Kemungkinan beberapa anak, setidaknya Ahmad dan Said Ba Junaid, kembali lebih awal ke Istanbul. Ada sebuah dokumen Ottoman pada 5 Januari 1905 yang menyatakan bahwa Ahmad dan Said Ba Junaid telah menyelesaikan sekolah dan ingin melanjutkan ke pendidikan tinggi di Mülkiye, tetapi perlu mengikuti kursus bahasa Prancis untuk tujuan ini.
Dokumen lain pada 10 Januari 1905 juga menyebutkan bahwa dua siswa dari Jawa – mungkin Ahmad dan Said – mendaftar ke pendidikan tinggi, tetapi status mereka sebagai orang asing menjadi masalah.
Kedua bersaudara itu mengungkapkan kepada konsul Belanda pada awal Februari 1905 tentang rencana mereka untuk melanjutkan studi selama setahun di Mülkiye dan kemudian ke sekolah Jesuit di Beirut untuk belajar bahasa Prancis, lalu bekerja di perusahaan perbankan di Belanda.
Pada Maret 1906, tampaknya mereka telah menyelesaikan program di Mülkiye dan mereka mengajukan petisi untuk diizinkan menerima tanda kehormatan kekaisaran seperti teman-teman Ottoman mereka.
Petisi ini disetujui oleh Menteri Pendidikan, Mustafa Hashim Pasha, pada Juli 1906 dan oleh karena itu mereka akan segera menerima tanda kehormatan mereka.
Namun, pada bulan sebelumnya, kedua bersaudara tersebut pergi ke Beirut untuk mendaftar studi, tetapi tidak berhasil karena usia mereka tidak memenuhi persyaratan.
Mereka menghabiskan waktu di Mesir dan pada bulan Oktober tampaknya mengikuti kursus singkat di Damaskus, sebelum kembali ke Istanbul pada April 1907 dan akhirnya kembali ke Hindia Belanda pada pertengahan Mei tahun itu.
Kedua bersaudara tersebut kembali ke Istanbul dua tahun kemudian dan berusaha memperoleh kewarganegaraan Ottoman.
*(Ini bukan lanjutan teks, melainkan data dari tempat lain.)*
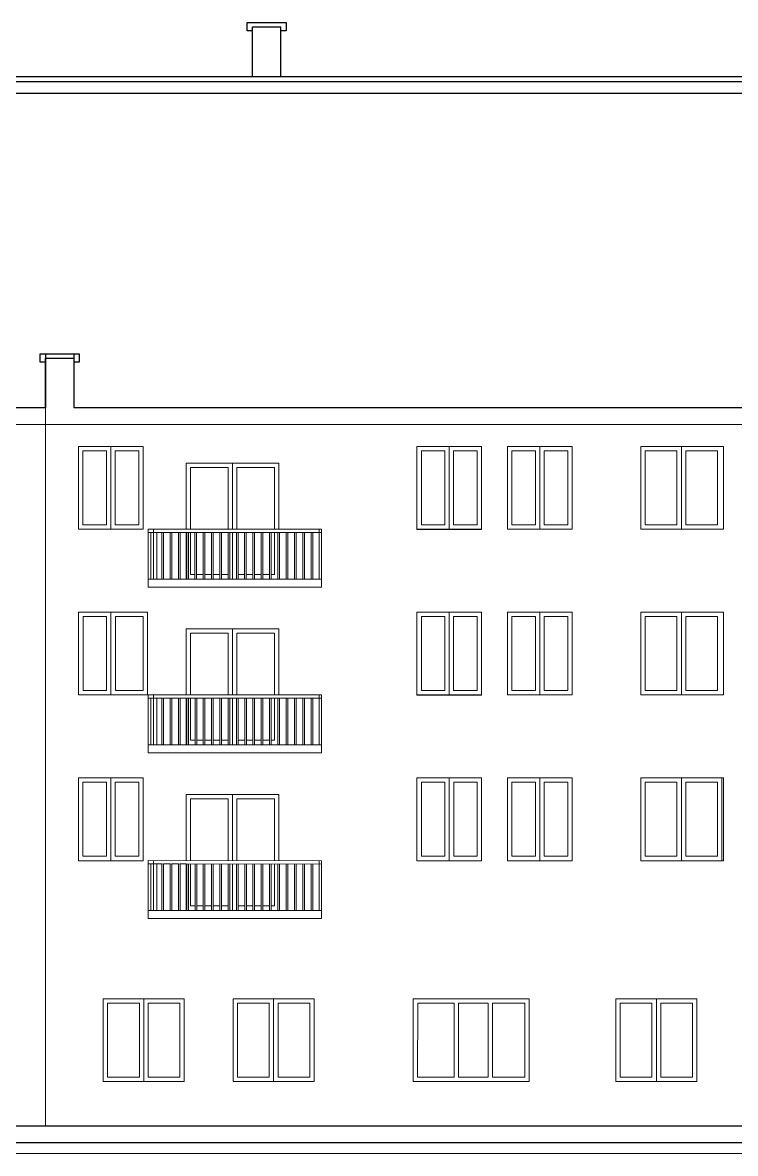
# Model space of a CAD drawing. Header units: millimetres. Extents: x -689206 to 4969298, y -1019800 to 703299.
# Drawn here: x 493573 to 506486, y -464511 to -444036 of the extents above; entities that cross this region are included whole.
import ezdxf

# ---------------------------------------------------------------- set-up
doc = ezdxf.new("R2010")
doc.units = ezdxf.units.MM
doc.layers.add('РАЗМЕРЫ', color=7, linetype='Continuous', lineweight=9)
doc.layers.add('фасад1', color=7, linetype='Continuous')

msp = doc.modelspace()

# ---------------------------------------------------------------- linework, layer by layer
at = {"layer": 'РАЗМЕРЫ', "linetype": 'ByBlock', "lineweight": 30, "ltscale": 35}
for p, q in [((497639.7, -444110.9), (497639.7, -444035.9)), ((497639.7, -444035.9), (498249.7, -444035.9)), ((498249.7, -444035.9), (498349.7, -444035.9)), ((498349.7, -444035.9), (498349.7, -444185.9)), ((497639.7, -444185.9), (497639.7, -444110.9)), ((497739.7, -444185.9), (497639.7, -444185.9)), ((498349.7, -444185.9), (498249.7, -444185.9)), ((493889.7, -450110.9), (493889.7, -450035.9)), ((493889.7, -450035.9), (494499.7, -450035.9)), ((494499.7, -450035.9), (494599.7, -450035.9)), ((494599.7, -450035.9), (494599.7, -450185.9)), ((493889.7, -450185.9), (493889.7, -450110.9)), ((493989.7, -450185.9), (493889.7, -450185.9)), ((494599.7, -450185.9), (494499.7, -450185.9))]:
    msp.add_line(p, q, dxfattribs=at)
at = {"layer": 'РАЗМЕРЫ', "lineweight": 30, "ltscale": 35}
for p, q in [((497739.7, -445010.9), (497739.7, -444110.9)), ((497739.7, -444110.9), (498249.7, -444110.9)), ((498249.7, -445010.9), (498249.7, -444110.9)), ((503659.8, -445110.9), (486460.4, -445110.9)), ((490970.4, -445010.9), (494499.7, -445010.9)), ((494499.7, -445010.9), (517427.1, -445010.9)), ((517427.1, -445110.9), (503659.8, -445110.9)), ((486460.4, -445310.9), (517427.1, -445310.9)), ((493989.7, -450035.9), (493989.7, -451010.9)), ((494499.7, -450035.9), (494499.7, -451010.9)), ((493989.7, -451010.9), (493989.7, -450110.9)), ((493989.7, -450110.9), (494499.7, -450110.9)), ((493989.7, -451010.9), (490970.4, -451010.9)), ((499517.8, -451010.9), (494499.7, -451010.9)), ((506322.6, -451010.9), (499517.8, -451010.9)), ((515639.8, -451010.9), (506322.6, -451010.9)), ((485950.4, -464010.9), (533452, -464010.9)), ((485950.4, -464310.9), (533962, -464310.9))]:
    msp.add_line(p, q, dxfattribs=at)
at = {"layer": 'РАЗМЕРЫ', "lineweight": 15, "ltscale": 35}
for p, q in [((493989.7, -451010.9), (493989.7, -464010.9)), ((485950.4, -451310.9), (495847.8, -451312.6)), ((495847.8, -451312.6), (498999.8, -451310.9)), ((498987.8, -451310.9), (519310.1, -451319.7)), ((495755.8, -451710.9), (494585.8, -451710.9)), ((494585.8, -453210.9), (494585.8, -451710.9)), ((494585.8, -451710.9), (494585.8, -453210.9)), ((495755.8, -451710.9), (494585.8, -451710.9)), ((495090.8, -451790.9), (494665.8, -451790.9)), ((494665.8, -451790.9), (494665.8, -453130.9)), ((495170.8, -451710.9), (495090.8, -451710.9)), ((495090.8, -451790.9), (495090.8, -453130.9)), ((495170.8, -453210.9), (495170.8, -451710.9)), ((495170.8, -451710.9), (495250.8, -451710.9)), ((495675.8, -451790.9), (495250.8, -451790.9)), ((495250.8, -451790.9), (495250.8, -453130.9)), ((495675.8, -453130.9), (495675.8, -451790.9)), ((495755.8, -453210.9), (495755.8, -451710.9)), ((495755.8, -451710.9), (495755.8, -453210.9)), ((501887.4, -451710.9), (500716.8, -451711.2)), ((500716.8, -453211.2), (500716.8, -451711.2)), ((500716.8, -451711.2), (500716.8, -453211.2)), ((501886.8, -451711.2), (500716.8, -451711.2)), ((501221.8, -451791.2), (500796.8, -451791.2)), ((500796.8, -451791.2), (500796.8, -453131.2)), ((501301.8, -451711.2), (501221.8, -451711.2)), ((501221.8, -451791.2), (501221.8, -453131.2)), ((501301.8, -453211.2), (501301.8, -451711.2)), ((501301.8, -451711.2), (501381.8, -451711.2)), ((501806.8, -451791.2), (501381.8, -451791.2)), ((501381.8, -451791.2), (501381.8, -453131.2)), ((501806.8, -453131.2), (501806.8, -451791.2)), ((501886.8, -451711.2), (501886.8, -453211.2)), ((501887.4, -453210.9), (501887.4, -451710.9)), ((502358, -451710.8), (502358, -453210.9)), ((503528, -451710.8), (502358, -451710.8)), ((502358, -451710.9), (502358, -453210.9)), ((503528, -451710.9), (502358, -451710.9)), ((502863, -451790.9), (502438, -451790.9)), ((502438, -451790.9), (502438, -453130.9)), ((502943, -451710.9), (502863, -451710.9)), ((502863, -451790.9), (502863, -453130.9)), ((502943, -453210.9), (502943, -451710.9)), ((502943, -451710.9), (503023, -451710.9)), ((503448, -451790.9), (503023, -451790.9)), ((503023, -451790.9), (503023, -453130.9)), ((503448, -453130.9), (503448, -451790.9)), ((503528, -453210.9), (503528, -451710.8)), ((503528, -451710.9), (503528, -453210.9)), ((504771.8, -451710.8), (504771.8, -453210.9)), ((506271.8, -451710.9), (504771.8, -451710.9)), ((504771.8, -451710.9), (504771.8, -453210.9)), ((506241.8, -451710.9), (504771.8, -451710.9)), ((504851.8, -453130.9), (504851.8, -451790.9)), ((504851.8, -451790.9), (505426.8, -451790.9)), ((505426.8, -451790.9), (505426.8, -453130.9)), ((505506.8, -453210.9), (505506.8, -451710.9)), ((505586.8, -451790.9), (506161.8, -451790.9)), ((505586.8, -453130.9), (505586.8, -451790.9)), ((506161.8, -451790.9), (506161.8, -453130.9)), ((506271.8, -453210.9), (506271.8, -451710.9)), ((494585.8, -453210.9), (494585.8, -453130.9)), ((494585.8, -453210.9), (495755.8, -453210.9)), ((495755.8, -453210.9), (494585.8, -453210.9)), ((494665.8, -453130.9), (495090.8, -453130.9)), ((495250.8, -453130.9), (495675.8, -453130.9)), ((496005.9, -453270.9), (495847, -453270.9)), ((495847.5, -453210.9), (495847.2, -454110.9)), ((495897.8, -453270.9), (495897.4, -454110.9)), ((498987.5, -453210.9), (498987.2, -454112.3)), ((500716.8, -453211.2), (500716.8, -453131.2)), ((501886.8, -453211.2), (500716.8, -453211.2)), ((500717.4, -453210.9), (501887.4, -453210.9)), ((500796.8, -453131.2), (501221.8, -453131.2)), ((501381.8, -453131.2), (501806.8, -453131.2)), ((502358, -453210.9), (502358, -453130.9)), ((502358, -453210.9), (503528, -453210.9)), ((503528, -453210.9), (502358, -453210.9)), ((502438, -453130.9), (502863, -453130.9)), ((503023, -453130.9), (503448, -453130.9)), ((504771.8, -453210.9), (506271.8, -453210.9)), ((506241.8, -453210.9), (504771.8, -453210.9)), ((504771.8, -453210.9), (504851.8, -453210.9)), ((505426.8, -453130.9), (504851.8, -453130.9)), ((506161.8, -453130.9), (505586.8, -453130.9)), ((495755.8, -454710.9), (494585.8, -454710.9)), ((494585.8, -456210.9), (494585.8, -454710.9)), ((495835.8, -454710.9), (494665.8, -454710.9)), ((495250.8, -454710.9), (495170.8, -454710.9)), ((495173.9, -456210.9), (495173.9, -454710.9)), ((495250.8, -454710.9), (495330.8, -454710.9)), ((495835.8, -454710.9), (495835.8, -456210.9)), ((501887.4, -454710.9), (500716.8, -454711.2)), ((500716.8, -456211.2), (500716.8, -454711.2)), ((500716.8, -454711.2), (500716.8, -456211.2)), ((501886.8, -454711.2), (500716.8, -454711.2)), ((501301.8, -454711.2), (501221.8, -454711.2)), ((501301.8, -456211.2), (501301.8, -454711.2)), ((501301.8, -454711.2), (501381.8, -454711.2)), ((501886.8, -454711.2), (501886.8, -456211.2)), ((501887.4, -456210.9), (501887.4, -454710.9)), ((502358, -454710.8), (502358, -456210.9)), ((503528, -454710.8), (502358, -454710.8)), ((502358, -454710.9), (502358, -456210.9)), ((503528, -454710.9), (502358, -454710.9)), ((502943, -454710.9), (502863, -454710.9)), ((502943, -456210.9), (502943, -454710.9)), ((502943, -454710.9), (503023, -454710.9)), ((503528, -456210.9), (503528, -454710.8)), ((503528, -454710.9), (503528, -456210.9)), ((504771.8, -454710.8), (504771.8, -456210.9)), ((506271.8, -454710.9), (504771.8, -454710.9)), ((504771.8, -454710.9), (504771.8, -456210.9)), ((506241.8, -454710.9), (504771.8, -454710.9)), ((505506.8, -456210.9), (505506.8, -454710.9)), ((506271.8, -456210.9), (506271.8, -454710.9)), ((495093.9, -454790.9), (494668.9, -454790.9)), ((494668.9, -454790.9), (494668.9, -456130.9)), ((495093.9, -454790.9), (495093.9, -456130.9)), ((495755.8, -454790.9), (495253.9, -454790.9)), ((495253.9, -454790.9), (495253.9, -456130.9)), ((495755.8, -456130.9), (495755.8, -454790.9)), ((495755.8, -456130.9), (495755.8, -454790.9)), ((501221.8, -454791.2), (500796.8, -454791.2)), ((500796.8, -454791.2), (500796.8, -456131.2)), ((501221.8, -454791.2), (501221.8, -456131.2)), ((501806.8, -454791.2), (501381.8, -454791.2)), ((501381.8, -454791.2), (501381.8, -456131.2)), ((501806.8, -456131.2), (501806.8, -454791.2)), ((502863, -454790.9), (502438, -454790.9)), ((502438, -454790.9), (502438, -456130.9)), ((502863, -454790.9), (502863, -456130.9)), ((503448, -454790.9), (503023, -454790.9)), ((503023, -454790.9), (503023, -456130.9)), ((503448, -456130.9), (503448, -454790.9)), ((504851.8, -456130.9), (504851.8, -454790.9)), ((504851.8, -454790.9), (505426.8, -454790.9)), ((505426.8, -454790.9), (505426.8, -456130.9)), ((505586.8, -454790.9), (506161.8, -454790.9)), ((505586.8, -456130.9), (505586.8, -454790.9)), ((506161.8, -454790.9), (506161.8, -456130.9)), ((494668.9, -456130.9), (495093.9, -456130.9)), ((495253.9, -456130.9), (495755.8, -456130.9)), ((500716.8, -456211.2), (500716.8, -456131.2)), ((500796.8, -456131.2), (501221.8, -456131.2)), ((501381.8, -456131.2), (501806.8, -456131.2)), ((502358, -456210.9), (502358, -456130.9)), ((502438, -456130.9), (502863, -456130.9)), ((503023, -456130.9), (503448, -456130.9)), ((505426.8, -456130.9), (504851.8, -456130.9)), ((506161.8, -456130.9), (505586.8, -456130.9)), ((494585.8, -456210.9), (495755.8, -456210.9)), ((495835.8, -456210.9), (494665.8, -456210.9)), ((495848, -456210.6), (495847.6, -457110.6)), ((496006.9, -456270.7), (495848, -456270.6)), ((495898.8, -456270.6), (495898.4, -457110.7)), ((498988, -456210.7), (498987.6, -457112)), ((501886.8, -456211.2), (500716.8, -456211.2)), ((500717.4, -456210.9), (501887.4, -456210.9)), ((502358, -456210.9), (503528, -456210.9)), ((503528, -456210.9), (502358, -456210.9)), ((504771.8, -456210.9), (506271.8, -456210.9)), ((506241.8, -456210.9), (504771.8, -456210.9)), ((504771.8, -456210.9), (504851.8, -456210.9)), ((495755.8, -457710.9), (494585.8, -457710.9)), ((494585.8, -459210.9), (494585.8, -457710.9)), ((494585.8, -457710.9), (494585.8, -459210.9)), ((495755.8, -457710.9), (494585.8, -457710.9)), ((495090.8, -457790.9), (494665.8, -457790.9)), ((494665.8, -457790.9), (494665.8, -459130.9)), ((495170.8, -457710.9), (495090.8, -457710.9)), ((495090.8, -457790.9), (495090.8, -459130.9)), ((495170.8, -459210.9), (495170.8, -457710.9)), ((495170.8, -457710.9), (495250.8, -457710.9)), ((495675.8, -457790.9), (495250.8, -457790.9)), ((495250.8, -457790.9), (495250.8, -459130.9)), ((495675.8, -459130.9), (495675.8, -457790.9)), ((495755.8, -459210.9), (495755.8, -457710.9)), ((495755.8, -457710.9), (495755.8, -459210.9)), ((501887.4, -457710.9), (500716.8, -457711.2)), ((500716.8, -459211.2), (500716.8, -457711.2)), ((500717.4, -457710.9), (500717.4, -459210.9)), ((501887.4, -457710.9), (500717.4, -457710.9)), ((501222.4, -457790.9), (500797.4, -457790.9)), ((500797.4, -457790.9), (500797.4, -459130.9)), ((501302.4, -457710.9), (501222.4, -457710.9)), ((501222.4, -457790.9), (501222.4, -459130.9)), ((501302.4, -459210.9), (501302.4, -457710.9)), ((501302.4, -457710.9), (501382.4, -457710.9)), ((501807.4, -457790.9), (501382.4, -457790.9)), ((501382.4, -457790.9), (501382.4, -459130.9)), ((501807.4, -459130.9), (501807.4, -457790.9)), ((501887.4, -459210.9), (501887.4, -457710.9)), ((501887.4, -457710.9), (501887.4, -459210.9)), ((502358, -457710.8), (502358, -459210.9)), ((503528, -457710.8), (502358, -457710.8)), ((502358, -457711.2), (502358, -459211.2)), ((503528, -457711.2), (502358, -457711.2)), ((502863, -457791.2), (502438, -457791.2)), ((502438, -457791.2), (502438, -459131.2)), ((502943, -457711.2), (502863, -457711.2)), ((502863, -457791.2), (502863, -459131.2)), ((502943, -459211.2), (502943, -457711.2)), ((502943, -457711.2), (503023, -457711.2)), ((503448, -457791.2), (503023, -457791.2)), ((503023, -457791.2), (503023, -459131.2)), ((503448, -459131.2), (503448, -457791.2)), ((503528, -459210.9), (503528, -457710.8)), ((503528, -457711.2), (503528, -459211.2)), ((504771.8, -457710.8), (504771.8, -459210.9)), ((506271.8, -457710.9), (504771.8, -457710.9)), ((504771.8, -457710.9), (504771.8, -459210.9)), ((506241.8, -457710.9), (504771.8, -457710.9)), ((504851.8, -459130.9), (504851.8, -457790.9)), ((504851.8, -457790.9), (505426.8, -457790.9)), ((505426.8, -457790.9), (505426.8, -459130.9)), ((505506.8, -459210.9), (505506.8, -457710.9)), ((505586.8, -457790.9), (506161.8, -457790.9)), ((505586.8, -459130.9), (505586.8, -457790.9)), ((506161.8, -457790.9), (506161.8, -459130.9)), ((506241.8, -457710.9), (506241.8, -459210.9)), ((506271.8, -459210.9), (506271.8, -457710.9)), ((494585.8, -459210.9), (494585.8, -459130.9)), ((494585.8, -459210.9), (495755.8, -459210.9)), ((495755.8, -459210.9), (494585.8, -459210.9)), ((494665.8, -459130.9), (495090.8, -459130.9)), ((495250.8, -459130.9), (495675.8, -459130.9)), ((495847.5, -459210.6), (495847.1, -460110.6)), ((498987.5, -459210.7), (498987.1, -460112)), ((500717.4, -459210.9), (500717.4, -459130.9)), ((500717.4, -459210.9), (501887.4, -459210.9)), ((501887.4, -459210.9), (500717.4, -459210.9)), ((500797.4, -459130.9), (501222.4, -459130.9)), ((501382.4, -459130.9), (501807.4, -459130.9)), ((502358, -459211.2), (502358, -459131.2)), ((502358, -459210.9), (503528, -459210.9)), ((503528, -459211.2), (502358, -459211.2)), ((502438, -459131.2), (502863, -459131.2)), ((503023, -459131.2), (503448, -459131.2)), ((504771.8, -459210.9), (506271.8, -459210.9)), ((506241.8, -459210.9), (504771.8, -459210.9)), ((504771.8, -459210.9), (504851.8, -459210.9)), ((505426.8, -459130.9), (504851.8, -459130.9)), ((506161.8, -459130.9), (505586.8, -459130.9)), ((496006.4, -459270.7), (495847.5, -459270.6)), ((495898.3, -459270.6), (495897.9, -460110.7)), ((495032.9, -461710.9), (495032.9, -463210.9)), ((496502.9, -461710.9), (495032.9, -461710.9)), ((495032.9, -461710.9), (495032.9, -463210.9)), ((496502.9, -461710.9), (495032.9, -461710.9)), ((495767.9, -463210.9), (495767.9, -461710.9)), ((496502.9, -461710.9), (496502.9, -463210.9)), ((496502.9, -461710.9), (496502.9, -463210.9)), ((497385.8, -461710.9), (497385.8, -463210.9)), ((497385.8, -461710.9), (498855.8, -461710.9)), ((497385.8, -461710.9), (497385.8, -463210.9)), ((498855.8, -461710.9), (497385.8, -461710.9)), ((498120.8, -463210.9), (498120.8, -461710.9)), ((498855.8, -461710.9), (498855.8, -463210.9)), ((498855.8, -461710.9), (498855.8, -463210.9)), ((500649.7, -463210.9), (500650, -461710.6)), ((500649.7, -461710.9), (500649.7, -463210.9)), ((502749.7, -461710.9), (500649.7, -461710.9)), ((502749.7, -461710.9), (500650.1, -461710.6)), ((500650.1, -461710.6), (500730.1, -461710.6)), ((500730.1, -461710.6), (500730.1, -461710.9)), ((502749.7, -461710.9), (502749.7, -463210.9)), ((502749.7, -463210.9), (502749.7, -461710.9)), ((504318.9, -461710.9), (504318.9, -463210.9)), ((505788.9, -461710.9), (504318.9, -461710.9)), ((504318.9, -461710.9), (504318.9, -463210.9)), ((505788.9, -461710.9), (504318.9, -461710.9)), ((505053.9, -463210.9), (505053.9, -461710.9)), ((505788.9, -461710.9), (505788.9, -463210.9)), ((505788.9, -461710.9), (505788.9, -463210.9)), ((495112.9, -463130.9), (495112.9, -461790.9)), ((495112.9, -461790.9), (495687.9, -461790.9)), ((495687.9, -461790.9), (495687.9, -463130.9)), ((495847.9, -461790.9), (496422.9, -461790.9)), ((495847.9, -463130.9), (495847.9, -461790.9)), ((496422.9, -461790.9), (496422.9, -463130.9)), ((497465.8, -463130.9), (497465.8, -461790.9)), ((497465.8, -461790.9), (498040.8, -461790.9)), ((498040.8, -461790.9), (498040.8, -463130.9)), ((498200.8, -461790.9), (498775.8, -461790.9)), ((498200.8, -463130.9), (498200.8, -461790.9)), ((498775.8, -461790.9), (498775.8, -463130.9)), ((500730.1, -461790.7), (500729.9, -463130.6)), ((500730.1, -461790.7), (501391.1, -461790.8)), ((501391.1, -461790.8), (501390.8, -463130.7)), ((501470.9, -463130.7), (501471.1, -461790.8)), ((502007.9, -461790.8), (501471.1, -461790.8)), ((502007.9, -461790.8), (502007.6, -463130.8)), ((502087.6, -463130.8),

Ahmad menikah dengan Fahire Hanim, putri dari direktur Harem kekaisaran, dan tampaknya kembali ke Hindia Belanda bersama istrinya.
Said Ba Junaid, yang lebih muda dari kedua bersaudara itu, juga menikahi seorang wanita Turki-Eropa, dan tampaknya terus tinggal di Istanbul. Setidaknya dia adalah satu-satunya siswa dari Jawa yang masih di Istanbul pada tahun 1915.
Istrinya sebenarnya adalah putri dari Kamil Bey dan menurut sebuah laporan pada tahun 1919, dia tinggal di Sindanglaya, Preanger, dan Jawa. Sayangnya, tidak ada lagi dokumen yang membahas kemunculan siswa lain dari angkatan tahun 1899.